Given a string s, return the number of segments in the string.

A segment is defined to be a contiguous sequence of non-space characters.

 

Example 1:

Input: s = "Hello, my name is John"
Output: 5
Explanation: The five segments are ["Hello,", "my", "name", "is", "John"]

Example 2:

Input: s = "Hello"
Output: 1

 

Constraints:

  • 0 <= s.length <= 300
  • s consists of lowercase and uppercase English letters, digits, or one of the following characters "!@#$%^&*()_+-=',.:".
  • The only space character in s is ' '.

Solution Explanation for "Number of Segments in a String"

This problem asks to count the number of segments in a string, where a segment is defined as a contiguous sequence of non-space characters. Two solutions are presented below, each with a different approach and complexity analysis.

Solution 1: Using split()

This solution leverages the built-in split() function (or its equivalent in other languages) to directly obtain the segments. It then iterates through the resulting array, counting only the non-empty segments.

Approach:

  1. Split the string: The input string s is split into an array of substrings using the space character as a delimiter. This is done using s.split() in Python, s.split(" ") in Java and Go, and explode(' ', $s) in PHP. istringstream is used in C++ to achieve similar functionality.

  2. Count non-empty segments: The code iterates through the array of substrings. Each substring that is not empty represents a segment. The count of these non-empty substrings is the answer.

Code (Python):

class Solution:
    def countSegments(self, s: str) -> int:
        return len(s.split())

Complexity Analysis:

  • Time Complexity: O(N), where N is the length of the string. This is because the split() operation takes linear time in the worst case, and iterating through the resulting array also takes linear time. However, in most implementations, the time complexity of split is O(k*N), where k is the number of delimiters, which can still be considered linear in the average case.
  • Space Complexity: O(N) in the worst case, as the split() operation might create an array of size proportional to the length of the string (when there are many segments).
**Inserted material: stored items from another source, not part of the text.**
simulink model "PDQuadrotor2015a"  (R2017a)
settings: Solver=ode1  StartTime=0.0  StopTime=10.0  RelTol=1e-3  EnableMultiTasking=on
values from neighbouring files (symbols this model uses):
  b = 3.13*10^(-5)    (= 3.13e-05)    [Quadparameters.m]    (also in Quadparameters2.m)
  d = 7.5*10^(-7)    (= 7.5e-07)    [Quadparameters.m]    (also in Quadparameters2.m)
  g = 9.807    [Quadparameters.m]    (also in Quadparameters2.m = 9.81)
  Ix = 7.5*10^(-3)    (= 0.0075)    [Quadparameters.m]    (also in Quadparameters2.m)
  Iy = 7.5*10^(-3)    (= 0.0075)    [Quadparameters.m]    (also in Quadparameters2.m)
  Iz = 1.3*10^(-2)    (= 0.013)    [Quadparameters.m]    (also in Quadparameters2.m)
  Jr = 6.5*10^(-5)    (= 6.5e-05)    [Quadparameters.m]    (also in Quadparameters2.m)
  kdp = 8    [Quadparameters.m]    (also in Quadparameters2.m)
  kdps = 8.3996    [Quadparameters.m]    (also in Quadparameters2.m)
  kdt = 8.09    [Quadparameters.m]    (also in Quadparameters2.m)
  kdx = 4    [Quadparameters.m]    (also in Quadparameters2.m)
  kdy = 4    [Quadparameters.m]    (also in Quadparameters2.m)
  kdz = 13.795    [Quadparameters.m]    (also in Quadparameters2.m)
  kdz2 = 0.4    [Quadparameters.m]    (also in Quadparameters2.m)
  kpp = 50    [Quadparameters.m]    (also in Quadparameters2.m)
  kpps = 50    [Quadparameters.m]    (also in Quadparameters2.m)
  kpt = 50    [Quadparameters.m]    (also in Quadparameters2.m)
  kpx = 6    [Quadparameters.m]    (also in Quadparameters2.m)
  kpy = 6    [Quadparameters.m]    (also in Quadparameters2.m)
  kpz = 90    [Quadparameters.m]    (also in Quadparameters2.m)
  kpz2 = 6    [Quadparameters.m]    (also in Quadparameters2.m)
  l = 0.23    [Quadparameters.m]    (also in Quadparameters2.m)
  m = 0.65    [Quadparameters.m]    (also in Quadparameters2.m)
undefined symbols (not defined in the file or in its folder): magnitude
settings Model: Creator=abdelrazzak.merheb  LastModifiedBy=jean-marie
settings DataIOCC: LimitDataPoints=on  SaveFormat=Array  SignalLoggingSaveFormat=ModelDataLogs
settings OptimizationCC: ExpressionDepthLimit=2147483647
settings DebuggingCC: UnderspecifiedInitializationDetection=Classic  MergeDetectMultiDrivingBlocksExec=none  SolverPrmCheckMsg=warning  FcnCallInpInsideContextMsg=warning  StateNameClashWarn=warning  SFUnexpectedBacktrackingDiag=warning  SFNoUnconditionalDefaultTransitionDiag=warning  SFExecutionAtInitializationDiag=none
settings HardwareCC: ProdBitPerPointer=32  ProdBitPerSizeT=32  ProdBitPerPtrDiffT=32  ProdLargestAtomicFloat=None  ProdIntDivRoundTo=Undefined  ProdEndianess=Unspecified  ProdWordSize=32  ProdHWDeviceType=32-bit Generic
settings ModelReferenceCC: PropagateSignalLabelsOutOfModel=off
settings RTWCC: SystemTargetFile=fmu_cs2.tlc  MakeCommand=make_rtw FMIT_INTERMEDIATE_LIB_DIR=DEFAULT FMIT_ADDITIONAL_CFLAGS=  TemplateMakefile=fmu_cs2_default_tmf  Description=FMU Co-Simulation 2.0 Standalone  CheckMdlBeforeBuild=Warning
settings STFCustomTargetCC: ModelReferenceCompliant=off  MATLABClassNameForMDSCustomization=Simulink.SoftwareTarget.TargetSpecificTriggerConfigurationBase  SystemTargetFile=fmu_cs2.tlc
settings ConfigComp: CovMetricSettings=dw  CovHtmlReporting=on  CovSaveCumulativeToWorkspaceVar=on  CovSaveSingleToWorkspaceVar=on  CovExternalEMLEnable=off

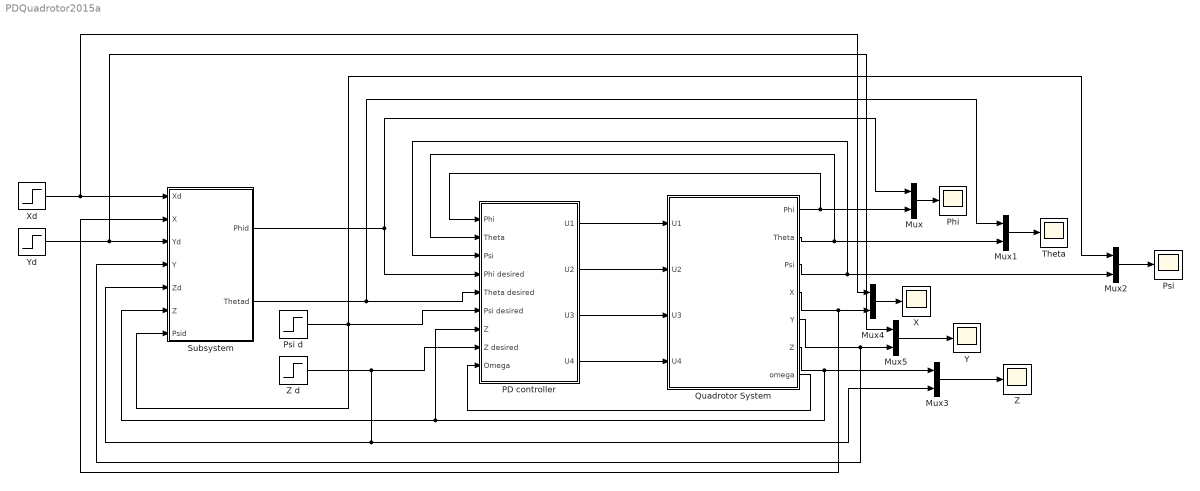
== system PDQuadrotor2015a ==
  Mux{,1..5} (6 alike) : Mux  Inputs=2
  PD controller : Subsystem
  Phi : Scope
  Psi : Scope
  Psi d : Step  SampleTime=0
  Quadrotor System : Subsystem
  Subsystem : Subsystem
  Theta : Scope
  X : Scope
  Xd : Step  After=5  SampleTime=0
  Y : Scope
  Yd : Step  After=5  SampleTime=0
  Z : Scope
  Z d : Step  SampleTime=0
  wires:
  PD controller/1(U1) -> Quadrotor System/1(U1)
  Quadrotor System/6(Z) -> Subsystem/6(Z), PD controller/7(Z), Mux3/1
  Quadrotor System/1(Phi) -> PD controller/1(Phi), Mux/2
  Quadrotor System/2(Theta) -> PD controller/2(Theta), Mux1/2
  Quadrotor System/3(Psi) -> PD controller/3(Psi), Mux2/2
  Subsystem/1(Phid) -> PD controller/4(Phi desired), Mux/1
  Subsystem/2(Thetad) -> Mux1/1, PD controller/5(Theta desired)
  Psi d/1 -> Subsystem/7(Psid), PD controller/6(Psi desired), Mux2/1
  Z d/1 -> PD controller/8(Z desired), Mux3/2, Subsystem/5(Zd)
  Quadrotor System/5(Y) -> Mux5/2, Subsystem/4(Y)
  Quadrotor System/4(X) -> Mux4/2, Subsystem/2(X)
  Mux/1 -> Phi/1
  Mux1/1 -> Theta/1
  Mux2/1 -> Psi/1
  Mux3/1 -> Z/1
  Xd/1 -> Mux4/1, Subsystem/1(Xd)
  Yd/1 -> Mux5/1, Subsystem/3(Yd)
  PD controller/2(U2) -> Quadrotor System/2(U2)
  PD controller/3(U3) -> Quadrotor System/3(U3)
  PD controller/4(U4) -> Quadrotor System/4(U4)
  Quadrotor System/7(omega) -> PD controller/9(Omega)
  Mux4/1 -> X/1
  Mux5/1 -> Y/1

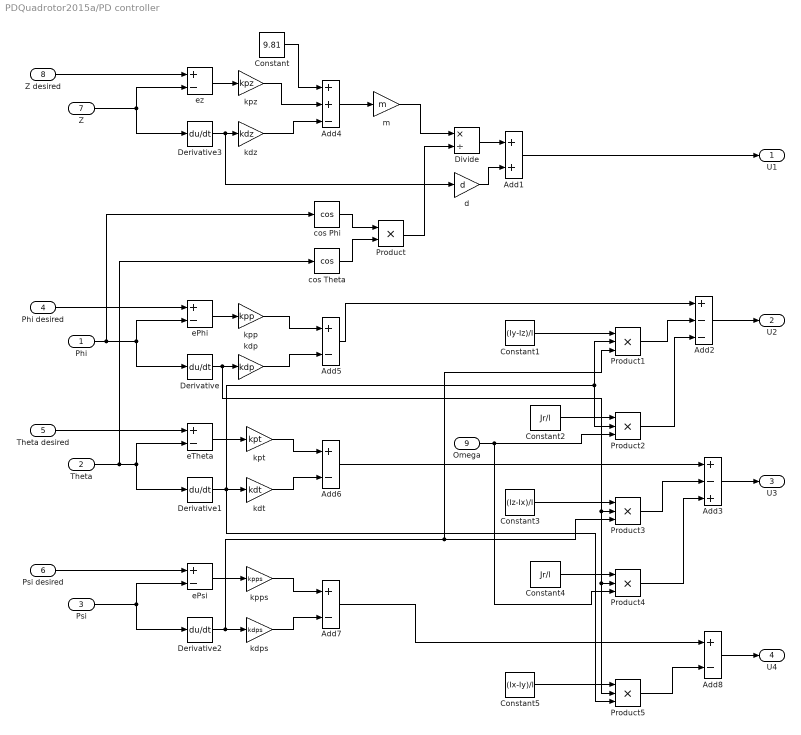
== system PDQuadrotor2015a/PD controller ==
  Phi : Inport
  Theta : Inport  Port=2
  Psi : Inport  Port=3
  Phi desired : Inport  Port=4
  Theta desired : Inport  Port=5
  Psi desired : Inport  Port=6
  Z : Inport  Port=7
  Z desired : Inport  Port=8
  Omega : Inport  Port=9
  Add1 : Sum
  Add2 : Sum  Inputs=+--
  Add3 : Sum  Inputs=+-+
  Add4 : Sum  Inputs=++-
  Add{5..8} (4 alike) : Sum  Inputs=+-
  Constant : Constant  Value=9.81
  Constant1 : Constant  Value=(Iy-Iz)/l
  Constant2 : Constant  Value=Jr/l
  Constant3 : Constant  Value=(Iz-Ix)/l
  Constant4 : Constant  Value=Jr/l
  Constant5 : Constant  Value=(Ix-Iy)/l
  Derivative{,1..3} (4 alike) : Derivative
  Divide : Product  Inputs=*/
  Product : Product  RndMeth=Zero
  Product{1..5} (5 alike) : Product  Inputs=3  RndMeth=Zero
  cos Phi : Trigonometry  Operator=cos
  cos Theta : Trigonometry  Operator=cos
  d : Gain  Gain=d
  ePhi : Sum  Inputs=+-
  ePsi : Sum  Inputs=+-
  eTheta : Sum  Inputs=+-
  ez : Sum  Inputs=+-
  kdp : Gain  Gain=kdp
  kdps : Gain  Gain=kdps
  kdt : Gain  Gain=kdt
  kdz : Gain  Gain=kdz
  kpp : Gain  Gain=kpp
  kpps : Gain  Gain=kpps
  kpt : Gain  Gain=kpt
  kpz : Gain  Gain=kpz
  m : Gain  Gain=m
  U1 : Outport
  U2 : Outport  Port=2
  U3 : Outport  Port=3
  U4 : Outport  Port=4
  wires:
  Phi/1 -> Derivative/1, ePhi/2, cos Phi/1
  Theta/1 -> Derivative1/1, eTheta/2, cos Theta/1
  Psi/1 -> Derivative2/1, ePsi/2
  Phi desired/1 -> ePhi/1
  Theta desired/1 -> eTheta/1
  Psi desired/1 -> ePsi/1
  ePhi/1 -> kpp/1
  eTheta/1 -> kpt/1
  ePsi/1 -> kpps/1
  Derivative2/1 -> Product3/3, Product1/3, kdps/1
  Z/1 -> Derivative3/1, ez/2
  Z desired/1 -> ez/1
  ez/1 -> kpz/1
  Derivative3/1 -> d/1, kdz/1
  kpp/1 -> Add5/1
  kdp/1 -> Add5/2
  Add5/1 -> Add2/1
  kpt/1 -> Add6/1
  kdt/1 -> Add6/2
  Add6/1 -> Add3/1
  kpps/1 -> Add7/1
  kdps/1 -> Add7/2
  Add7/1 -> Add8/1
  cos Phi/1 -> Product/1
  cos Theta/1 -> Product/2
  Add4/1 -> m/1
  m/1 -> Divide/1
  Product/1 -> Divide/2
  Constant/1 -> Add4/1
  kpz/1 -> Add4/2
  kdz/1 -> Add4/3
  Divide/1 -> Add1/1
  Add1/1 -> U1/1
  d/1 -> Add1/2
  Constant1/1 -> Product1/1
  Constant2/1 -> Product2/1
  Product1/1 -> Add2/2
  Product2/1 -> Add2/3
  Add2/1 -> U2/1
  Constant3/1 -> Product3/1
  Product3/1 -> Add3/2
  Derivative/1 -> Product3/2, Product4/2, Product5/2, kdp/1
  Constant4/1 -> Product4/1
  Omega/1 -> Product4/3, Product2/3
  Product4/1 -> Add3/3
  Add3/1 -> U3/1
  Derivative1/1 -> Product5/3, Product2/2, Product1/2, kdt/1
  Constant5/1 -> Product5/1
  Product5/1 -> Add8/2
  Add8/1 -> U4/1

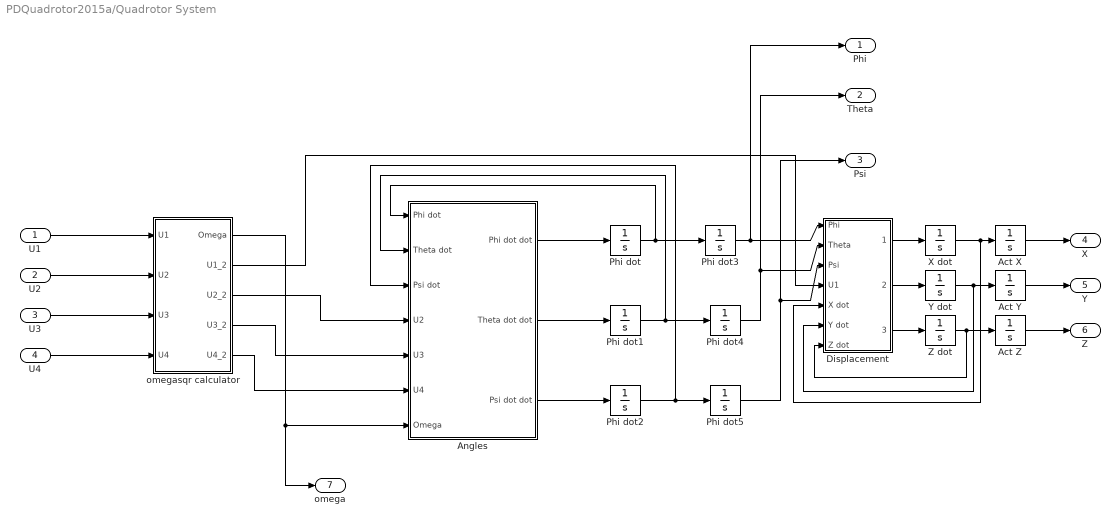
== system PDQuadrotor2015a/Quadrotor System ==
  U1 : Inport
  U2 : Inport  Port=2
  U3 : Inport  Port=3
  U4 : Inport  Port=4
  Act X : Integrator
  Act Y : Integrator
  Act Z : Integrator
  Angles : Subsystem
  Displacement : Subsystem
  Phi dot : Integrator
  Phi dot{1..5} (5 alike) : Integrator  ZeroCross=off
  X dot : Integrator
  Y dot : Integrator
  Z dot : Integrator
  omegasqr calculator : Subsystem
  Phi : Outport
  Theta : Outport  Port=2
  Psi : Outport  Port=3
  X : Outport  Port=4
  Y : Outport  Port=5
  Z : Outport  Port=6
  omega : Outport  Port=7
  wires:
  Angles/1(Phi dot dot) -> Phi dot/1
  Angles/2(Theta dot dot) -> Phi dot1/1
  Angles/3(Psi dot dot) -> Phi dot2/1
  Phi dot/1 -> Angles/1(Phi dot), Phi dot3/1
  Phi dot1/1 -> Angles/2(Theta dot), Phi dot4/1
  Phi dot2/1 -> Angles/3(Psi dot), Phi dot5/1
  omegasqr calculator/3(U2_2) -> Angles/4(U2)
  omegasqr calculator/4(U3_2) -> Angles/5(U3)
  omegasqr calculator/5(U4_2) -> Angles/6(U4)
  omegasqr calculator/1(Omega) -> omega/1, Angles/7(Omega)
  Phi dot3/1 -> Displacement/1(Phi), Phi/1
  Phi dot4/1 -> Displacement/2(Theta), Theta/1
  Phi dot5/1 -> Displacement/3(Psi), Psi/1
  omegasqr calculator/2(U1_2) -> Displacement/4(U1)
  X dot/1 -> Displacement/5(X dot), Act X/1
  Y dot/1 -> Displacement/6(Y dot), Act Y/1
  Displacement/1(x dotdot) -> X dot/1
  Z dot/1 -> Displacement/7(Z dot), Act Z/1
  Displacement/3(z dotdot) -> Z dot/1
  Act X/1 -> X/1
  Act Y/1 -> Y/1
  Act Z/1 -> Z/1
  U1/1 -> omegasqr calculator/1(U1)
  U2/1 -> omegasqr calculator/2(U2)
  U3/1 -> omegasqr calculator/3(U3)
  U4/1 -> omegasqr calculator/4(U4)
  Displacement/2(y dotdot) -> Y dot/1

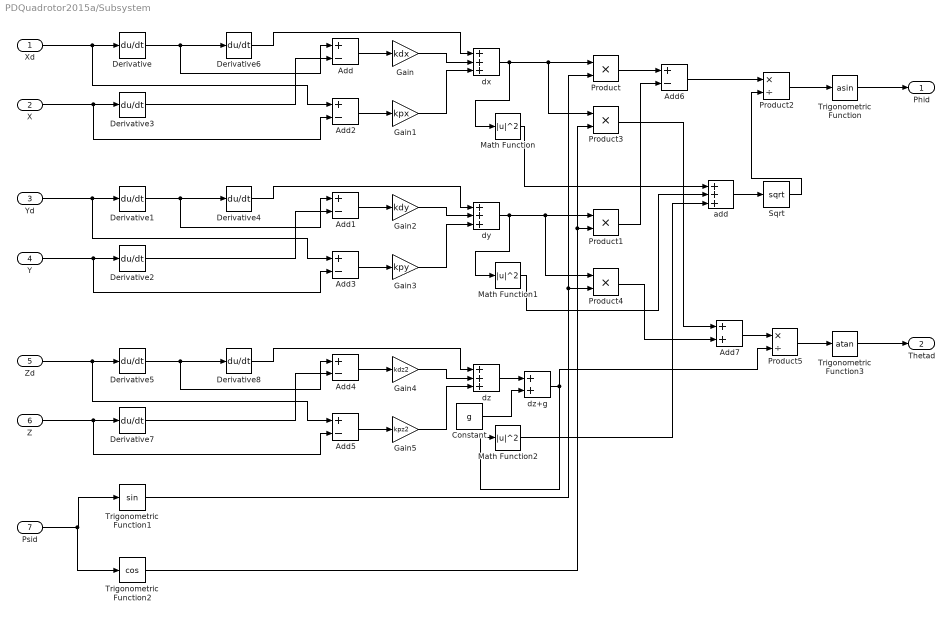
== system PDQuadrotor2015a/Subsystem ==
  Xd : Inport
  X : Inport  Port=2
  Yd : Inport  Port=3
  Y : Inport  Port=4
  Zd : Inport  Port=5
  Z : Inport  Port=6
  Psid : Inport  Port=7
  Add{,1..6} (7 alike) : Sum  Inputs=+-
  Add7 : Sum
  Constant : Constant  Value=g
  Derivative{,1..8} (9 alike) : Derivative
  Gain : Gain  Gain=kdx
  Gain1 : Gain  Gain=kpx
  Gain2 : Gain  Gain=kdy
  Gain3 : Gain  Gain=kpy
  Gain4 : Gain  Gain=kdz2
  Gain5 : Gain  Gain=kpz2
  Math Function : Math  Operator=magnitude^2  SaturateOnIntegerOverflow=on
  Math Function1 : Math  Operator=magnitude^2  SaturateOnIntegerOverflow=on
  Math Function2 : Math  Operator=magnitude^2  SaturateOnIntegerOverflow=on
  Product{,1,3..4} (4 alike) : Product
  Product2 : Product  Inputs=*/
  Product5 : Product  Inputs=*/
  Sqrt : Sqrt  SaturateOnIntegerOverflow=on
  Trigonometric Function : Trigonometry  Operator=asin
  Trigonometric Function1 : Trigonometry
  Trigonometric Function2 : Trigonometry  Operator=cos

Solution 2: Iterating and Counting

This solution iterates through the string character by character, identifying the start of each segment and incrementing a counter.

Approach:

  1. Iterate through the string: The code iterates through the string s using a for loop.

  2. Identify segment starts: For each character c, it checks if c is not a space and if it's either the first character of the string or the preceding character was a space. If both conditions are true, it signifies the beginning of a new segment.

  3. Increment counter: If a new segment is found, the counter ans is incremented.

Code (Python):

class Solution:
    def countSegments(self, s: str) -> int:
        ans = 0
        for i, c in enumerate(s):
            if c != ' ' and (i == 0 or s[i - 1] == ' '):
                ans += 1
        return ans

Complexity Analysis:

  • Time Complexity: O(N), where N is the length of the string. The code iterates through the string once.
  • Space Complexity: O(1). The solution uses only a constant amount of extra space to store the counter ans.

Conclusion:

Both solutions have a time complexity of O(N). Solution 1 is potentially less efficient in space complexity in the worst-case scenario, whereas Solution 2 guarantees O(1) space complexity. The choice between the two depends on whether readability and conciseness (Solution 1) or guaranteed minimal space usage (Solution 2) is prioritized. However, in practice, the difference is usually negligible for strings of reasonable length.